Faced with a long restroom line that spiraled up and around a circular stairwell at a recent museum visit, I opted not to wait. Why do we put up with this? This isn’t a minor pet peeve, but a serious question. Despite years of “potty parity” laws, women are still forced to stand in lines at malls, schools, stadiums, concerts, fair grounds, theme parks, and other crowded public spaces. This is frustrating, uncomfortable, and, in some circumstances, humiliating. It’s also a form of discrimination, as it disproportionately affects women.
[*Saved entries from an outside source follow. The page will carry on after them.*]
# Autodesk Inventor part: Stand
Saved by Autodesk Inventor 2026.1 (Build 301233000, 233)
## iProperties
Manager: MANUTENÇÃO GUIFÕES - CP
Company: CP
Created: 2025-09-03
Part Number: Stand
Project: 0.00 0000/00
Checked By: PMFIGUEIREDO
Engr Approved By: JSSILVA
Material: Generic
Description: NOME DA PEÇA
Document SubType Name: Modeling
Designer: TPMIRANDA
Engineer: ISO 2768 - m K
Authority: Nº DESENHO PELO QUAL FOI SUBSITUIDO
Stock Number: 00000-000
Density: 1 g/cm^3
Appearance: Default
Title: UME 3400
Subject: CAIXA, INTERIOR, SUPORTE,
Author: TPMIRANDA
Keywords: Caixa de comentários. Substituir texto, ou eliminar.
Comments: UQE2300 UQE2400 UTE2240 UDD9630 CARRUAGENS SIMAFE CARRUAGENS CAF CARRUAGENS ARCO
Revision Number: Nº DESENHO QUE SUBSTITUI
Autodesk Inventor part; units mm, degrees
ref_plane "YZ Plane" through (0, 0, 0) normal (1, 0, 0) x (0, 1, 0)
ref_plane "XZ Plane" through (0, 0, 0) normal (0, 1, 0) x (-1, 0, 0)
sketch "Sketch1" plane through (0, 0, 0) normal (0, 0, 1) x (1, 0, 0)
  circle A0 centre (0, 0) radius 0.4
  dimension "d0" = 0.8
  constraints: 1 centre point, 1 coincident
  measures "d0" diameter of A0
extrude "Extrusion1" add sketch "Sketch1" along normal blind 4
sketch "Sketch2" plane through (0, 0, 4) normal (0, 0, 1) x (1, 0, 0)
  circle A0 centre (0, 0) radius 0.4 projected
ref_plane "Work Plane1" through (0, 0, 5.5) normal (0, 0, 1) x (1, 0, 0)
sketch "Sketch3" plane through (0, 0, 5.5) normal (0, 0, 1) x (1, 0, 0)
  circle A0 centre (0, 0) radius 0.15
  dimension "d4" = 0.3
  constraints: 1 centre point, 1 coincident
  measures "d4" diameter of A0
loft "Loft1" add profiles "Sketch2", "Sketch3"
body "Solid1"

After counting the women, I tweeted, “Dear @britishmuseum there are FIFTY women and girls standing in line for the loo while the men’s room has zero line #everydaysexism.” Immediately, people responded with the suggestion that women use the men’s room. But even more responses were defensive, along the lines of “How on god’s green earth did you arrive at the conclusion that this was sexist?”

Let me count the ways.

Women need to use bathrooms more often and for longer periods of time because: we sit to urinate (urinals effectively double the space in men’s rooms), we menstruate, we are responsible for reproducing the species (which makes us pee more), we continue to have greater responsibility for children (who have to use bathrooms with us), and we breastfeed (frequently in grotty bathroom stalls). Additionally, women tend to wear more binding and cumbersome clothes, whereas men’s clothing provides significantly speedier access. But in a classic example of the difference between surface “equality” and genuine equity, many public restrooms continue to be facilities that are equal in physical space, while favoring men’s bodies, experiences, and needs.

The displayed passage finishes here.